While the United States has traditionally refrained from describing Jerusalem neighborhoods as settlements, in 2008, then U.S. Secretary of State Condoleezza Rice was critical of building tenders in Har Homa announced after the Annapolis Conference meeting. She described Har Homa as "a settlement the United States has opposed from the very beginning".

In November 2010, the United States criticized Israeli plans to build new housing units in Har Homa.

===European Union===
In 2011, then EU foreign policy chief Catherine Ashton said she was disappointed to hear that Israel was planning to expand Har Homa. She said in a statement that "the European Union has repeatedly urged the government of Israel to immediately end all settlement activities in the West Bank, including in East Jerusalem.... All settlement activities are illegal under international law".

==Archaeology==
In 1997, archaeologists discovered a fifth-century Byzantine church near Har Homa whose octagonal design is thought to have been the inspiration for the Dome of the Rock.
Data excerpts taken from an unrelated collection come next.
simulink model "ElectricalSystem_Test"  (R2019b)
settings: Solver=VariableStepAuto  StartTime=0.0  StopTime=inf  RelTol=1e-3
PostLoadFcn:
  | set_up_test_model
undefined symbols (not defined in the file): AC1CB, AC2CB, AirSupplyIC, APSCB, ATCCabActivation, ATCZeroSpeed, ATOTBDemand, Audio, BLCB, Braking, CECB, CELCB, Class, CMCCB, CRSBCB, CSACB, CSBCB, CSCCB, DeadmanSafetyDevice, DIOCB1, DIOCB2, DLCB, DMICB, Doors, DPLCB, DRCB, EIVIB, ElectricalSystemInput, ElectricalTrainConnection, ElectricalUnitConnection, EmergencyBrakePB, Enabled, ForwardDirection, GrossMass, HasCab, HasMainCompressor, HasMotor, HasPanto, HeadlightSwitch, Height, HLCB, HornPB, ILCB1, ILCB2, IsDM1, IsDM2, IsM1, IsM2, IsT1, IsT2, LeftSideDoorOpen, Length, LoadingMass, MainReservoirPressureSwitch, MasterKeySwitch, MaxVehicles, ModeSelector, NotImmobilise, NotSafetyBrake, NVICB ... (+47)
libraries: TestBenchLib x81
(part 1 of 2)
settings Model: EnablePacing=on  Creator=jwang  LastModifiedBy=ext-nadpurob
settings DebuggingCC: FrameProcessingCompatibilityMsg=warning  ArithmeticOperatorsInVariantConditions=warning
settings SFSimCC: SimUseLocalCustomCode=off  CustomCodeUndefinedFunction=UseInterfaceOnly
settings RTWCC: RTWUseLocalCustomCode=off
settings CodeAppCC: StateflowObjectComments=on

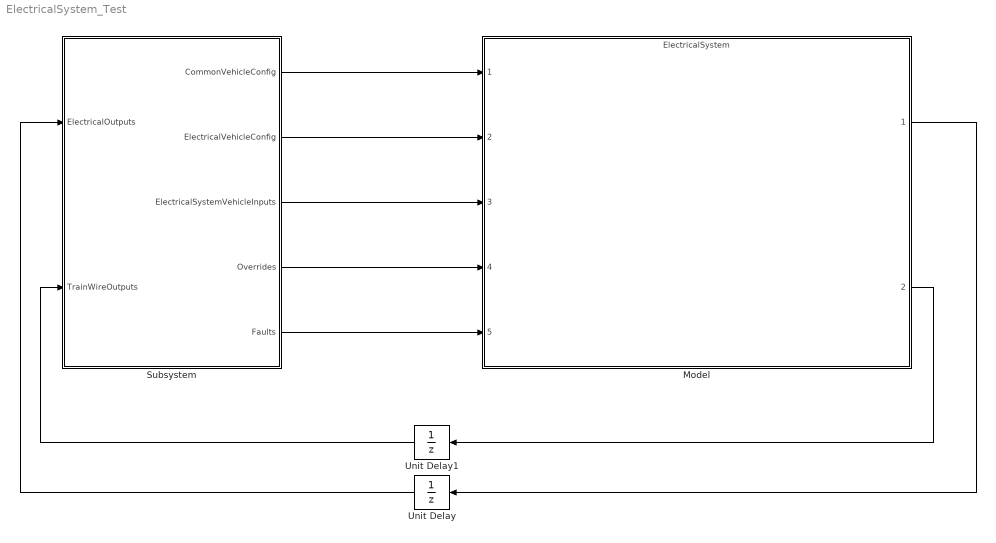
== system ElectricalSystem_Test ==
  Model : ModelReference  ModelNameDialog=ElectricalSystem.slx  ParameterArgumentNames=Prm_ElectricalSystem  ParameterArgumentValues=[Z_ElectricalSystemPrm]  UsingDefaultArgumentValue=0  SimulationMode=Normal  ModelReferenceVersion=1.1522
  Subsystem : Subsystem
  Unit Delay : UnitDelay  SampleTime=-1  HasFrameUpgradeWarning=on
  Unit Delay1 : UnitDelay  SampleTime=-1  HasFrameUpgradeWarning=on
  wires:
  Subsystem/1(CommonVehicleConfig) -> Model/1
  Subsystem/2(ElectricalVehicleConfig) -> Model/2
  Subsystem/3(ElectricalSystemVehicleInputs) -> Model/3
  Subsystem/4(Overrides) -> Model/4
  Subsystem/5(Faults) -> Model/5
  Model/2 -> Unit Delay1/1
  Model/1 -> Unit Delay/1
  Unit Delay/1 -> Subsystem/1(ElectricalOutputs)
  Unit Delay1/1 -> Subsystem/2(TrainWireOutputs)

== system ElectricalSystem_Test/Subsystem ==
  ElectricalOutputs : Inport
  TrainWireOutputs : Inport  Port=2
  Common Config Creator For Testing : Subsystem
  Data Store Memory : DataStoreMemory  DataStoreName=ElectricalSystemInput  ReadBeforeWriteMsg=warning  WriteAfterWriteMsg=warning  WriteAfterReadMsg=warning  InitialValue=zeros(1, MaxVehicles)  ShowAdditionalParam=off  OutDataTypeStr=Bus: BD_ElectricalSystem_In_Vehicle  Dimensions=MaxVehicles
  Data Store Memory1 : DataStoreMemory  DataStoreName=Faults  ReadBeforeWriteMsg=warning  WriteAfterWriteMsg=warning  WriteAfterReadMsg=warning  InitialValue=zeros(1, MaxVehicles)  ShowAdditionalParam=off  OutDataTypeStr=Bus: BD_ElectricalSystem_In_Faults  Dimensions=MaxVehicles
  Data Store Read : DataStoreRead  DataStoreName=ElectricalSystemInput
  Data Store Read1 : DataStoreRead  DataStoreName=Faults
  Data Store Write9 : DataStoreWrite  DataStoreName=ElectricalSystemInput  DataStoreElements=ElectricalSystemInput(1).ModelStatus.IsInitialized#ElectricalSystemInput(2).ModelStatus.IsInitialized#ElectricalSystemInput(3).ModelStatus.IsInitialized#ElectricalSystemInput(4).ModelStatus.IsInitialized#ElectricalSystemInput(5).ModelStatus.IsInitialized#ElectricalSystemInput(6).ModelStatus.IsInitialized
  Data Type Conversion78 : DataTypeConversion
  Electrical Config Creator For Testing : Subsystem
  Overrides1 : Subsystem
  Step : Step  SampleTime=0
  Testing : Subsystem
  CommonVehicleConfig : Outport
  ElectricalVehicleConfig : Outport  Port=2
  ElectricalSystemVehicleInputs : Outport  Port=3
  Overrides : Outport  Port=4
  Faults : Outport  Port=5
  wires:
  Common Config Creator For Testing/1(CommonVehicleConfig) -> CommonVehicleConfig/1
  Electrical Config Creator For Testing/1(ElectricalVehicleConfig) -> ElectricalVehicleConfig/1
  Overrides1/1(Override) -> Overrides/1
  Data Store Read1/1 -> Faults/1
  Data Store Read/1 -> ElectricalSystemVehicleInputs/1
  ElectricalOutputs/1 -> Testing/1(ElectricalSystemVehicleOut)
  TrainWireOutputs/1 -> Testing/2(TrainWireOutput)
  Step/1 -> Data Type Conversion78/1
  Data Type Conversion78/1 -> Data Store Write9/6, Data Store Write9/5, Data Store Write9/4, Data Store Write9/3, Data Store Write9/2, Data Store Write9/1

== system ElectricalSystem_Test/Subsystem/Common Config Creator For Testing ==
  Orientation : Constant  Value=[1 1 1 2 2 2]
  Subsystem : Subsystem
  CommonVehicleConfig : Outport  VectorParamsAs1DForOutWhenUnconnected=off
  wires:
  Orientation/1 -> Subsystem/1(Orientation)
  Subsystem/1(Out1) -> CommonVehicleConfig/1

== system ElectricalSystem_Test/Subsystem/Electrical Config Creator For Testing ==
  HasAirCompressor : Constant  Value=[1,0,0,0,0,1]  OutDataTypeStr=boolean
  HasCab : Constant  Value=[1,0,0,0,0,1]  OutDataTypeStr=boolean
  HasMotor : Constant  Value=[1,0,1,1,0,1]  OutDataTypeStr=boolean
  HasPanto : Constant  Value=[0,1,0,0,1,0]  OutDataTypeStr=boolean
  IsDM1 : Constant  Value=[1,0,0,0,0,0]  OutDataTypeStr=boolean
  IsDM2 : Constant  Value=[0,0,0,0,0,1]  OutDataTypeStr=boolean
  IsM1 : Constant  Value=[0,0,1,0,0,0]  OutDataTypeStr=boolean
  IsM2 : Constant  Value=[0,0,0,1,0,0]  OutDataTypeStr=boolean
  IsT1 : Constant  Value=[0,1,0,0,0,0]  OutDataTypeStr=boolean
  IsT2 : Constant  Value=[0,0,0,0,1,0]  OutDataTypeStr=boolean
  Subsystem : Subsystem
  ElectricalVehicleConfig : Outport  VectorParamsAs1DForOutWhenUnconnected=off
  wires:
  Subsystem/1(Out1) -> ElectricalVehicleConfig/1
  IsDM1/1 -> Subsystem/1(IsDM1)
  IsT2/1 -> Subsystem/5(isT2)
  IsDM2/1 -> Subsystem/6(IsDM2)
  HasPanto/1 -> Subsystem/7(HasPanto)
  HasCab/1 -> Subsystem/8(HasCab)
  HasMotor/1 -> Subsystem/9(HasMotor)
  HasAirCompressor/1 -> Subsystem/10(HasMainCompressor)
  IsM2/1 -> Subsystem/4(IsM2)
  IsM1/1 -> Subsystem/3(IsM1)
  IsT1/1 -> Subsystem/2(IsT1)

== system ElectricalSystem_Test/Subsystem/Overrides1 ==
  Constant : Constant  Value=zeros(1,MaxVehicles)  OutDataTypeStr=Bus: BD_ElectricalSystem_In_Overrides
  Override : Outport  VectorParamsAs1DForOutWhenUnconnected=off
  wires:
  Constant/1 -> Override/1

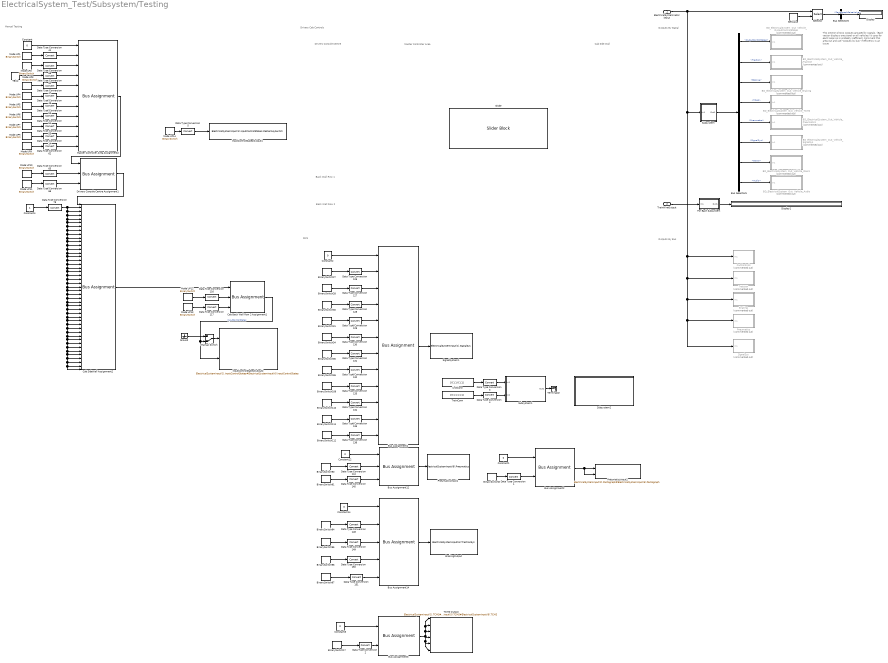
== system ElectricalSystem_Test/Subsystem/Testing ==
  note: This section shows outputs grouped by signals.
      | (Each vector displays one signal on all vehicles)
      | It uses for each loops so is probably inefficient.
      |
      | Comment this area out and use "outputs by bus" if
      | efficiency is an issue
  note: Manual Testing
  note: Outputs By Signal
  note: Drivers Cab Controls
  note: Back Wall Row 2
  note: Back Wall Row 1
  note: Cab Side Wall
  note: Drivers Console Centre
  note: Master Controller Area
  note: DM1
  note: Outputs By Bus
  ElectricalSystemVehicleOut : Inport
  TrainWireOutput : Inport  Port=2
  BD_ElectricalSystem_Out_Vehicle_Audio : Subsystem  Commented=on
  BD_ElectricalSystem_Out_Vehicle_Braking : Subsystem  Commented=on
  BD_ElectricalSystem_Out_Vehicle_Doors : Subsystem  Commented=on
  BD_ElectricalSystem_Out_Vehicle_OutputControlStates : Subsystem  Commented=on
  BD_ElectricalSystem_Out_Vehicle_Pneumatics : Subsystem  Commented=on
  BD_ElectricalSystem_Out_Vehicle_SignalSys : Subsystem  Commented=on
  BD_ElectricalSystem_Out_Vehicle_TCMS : Subsystem  Commented=on
  BD_ElectricalSystem_Out_Vehicle_Traction : Subsystem  Commented=on
  BinarySwitch{8,17,27..28,30..31,34..36,90..91,94..97,109..112} (19 alike) : TestBenchLib/BinarySwitch  value=0  init_value=0  block_colour=[0 1 0]  WorkspaceVarName=0
      settings: SourceProductName=Sydac Utilities
  Braking : Subsystem  Commented=on
  BrakingOutput : DataStoreWrite  DataStoreName=ElectricalSystemInput  DataStoreElements=ElectricalSystemInput(6).TractionSys
  Bus Assignment1 : BusAssignment  AssignedSignals=NotImmobilise,ATCZeroSpeed,NotSafetyBrake,LeftSideDoorOpen,RightSideDoorOpen,WakeUpCommand,UTOPBIndicator,UTOModeActive,ATCCabActivation,ATOTBDemand,TractionForward
  Bus Assignment12 : BusAssignment  AssignedSignals=MainReservoirPressureSwitch,PantographPressureSwitch
  Bus Assignment14 : BusAssignment  AssignedSignals=ForwardDirection,ReverseDirection,TCU_KStatus,TCU_AKStatus
  Bus Assignment2 : BusAssignment  AssignedSignals=PantographPosition
  Bus Assignment3 : BusAssignment  AssignedSignals=Overspeed
  Bus Selector5 : BusSelector  OutputSignals=OutputControlStates,Traction,Braking,TCMS,Pneumatics,SignalSys,Doors,Audio
  Bus Selector6 : BusSelector  OutputSignals=Pneumatics.PantographRaiseValve
  Cab Back Wall Row 2 Assignment1 : BusAssignment  AssignedSignals=ParkBrakeApplyPB,ParkBrakeReleasePB
  Cab SideWall Assignment2 : BusAssignment  AssignedSignals=CMCCB,RIO1CB,RIO2CB,TDICB,DIOCB2,DIOCB1,CSCCB,CSBCB,CSACB,CECB,UCCB,BLCB,CRSBCB,DMICB,NVICB,VIO1CB,VIO2CB,APSCB,DLCB,DRCB,DPLCB,HLCB,TLCB,CELCB,ILCB1,ILCB2,PANCB,TBCCB1,TBCCB2,POCB,TVDUCB,ODDCB,WFLCB,WWCB,VCBCCB,PADCB,SAC1CCB,SAC2CCB,AC1CB,AC2CB,RCCB,SFB,EIVIB,AirSupplyIC
  Constant : Constant  Value=0  OutDataTypeStr=Bus: BD_ElectricalSystem_In_Vehicle_InputControlStates
  Constant1 : Constant  Value=0  OutDataTypeStr=Bus: BD_ElectricalSystem_In_Vehicle_Pantograph
  Constant12 : Constant  Value=0  OutDataTypeStr=Bus: BD_ElectricalSystem_In_Vehicle_Pneumatics
  Constant14 : Constant  Value=0  OutDataTypeStr=Bus: BD_ElectricalSystem_In_Vehicle_Traction
  Constant2 : Constant  Value=0  OutDataTypeStr=Bus: BD_ElectricalSystem_In_Vehicle_SignalSys
  Constant3 : Constant  Value=0  OutDataTypeStr=Bus: BD_ElectricalSystem_In_Vehicle_TCMS
  Constant4 : Constant
  Data Type Conversion{1..5,14,41..42,47,49,53..55,58,62,65..66,78,116..117,126..136,144..145,148..151} (37 alike) : DataTypeConversion
  Display : Display
  Display1 : Display
  Drivers Console Centre Assignment1 : BusAssignment  AssignedSignals=EmergencyBrakePB,HornPB
  For Each Subsystem : Subsystem  TreatAsAtomicUnit=on
  Ground : Ground
  InputControlStatesOutput1 : DataStoreWrite  DataStoreName=ElectricalSystemInput  DataStoreElements=ElectricalSystemInput(1).InputControlStates.MasterKeySwitch
  InputControlStatesOutput2 : DataStoreWrite  DataStoreName=ElectricalSystemInput  DataStoreElements=ElectricalSystemInput(1).InputControlStates#ElectricalSystemInput(6).InputControlStates
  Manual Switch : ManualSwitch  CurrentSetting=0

In the center of the church is a rock upon which Christians believe that Mary rested while on her way to Bethlehem to give birth to Jesus. The Church of the Kathisma (meaning "seat" in Greek) is mentioned in early Christian writings and was a pilgrimage site for Christians. The church was built by a Roman widow named Ikelia in the early fifth century. In the eighth century, the building was converted into a mosque. It was appears to have been used by both Christians and Muslims until its destruction, possibly in an earthquake in 749.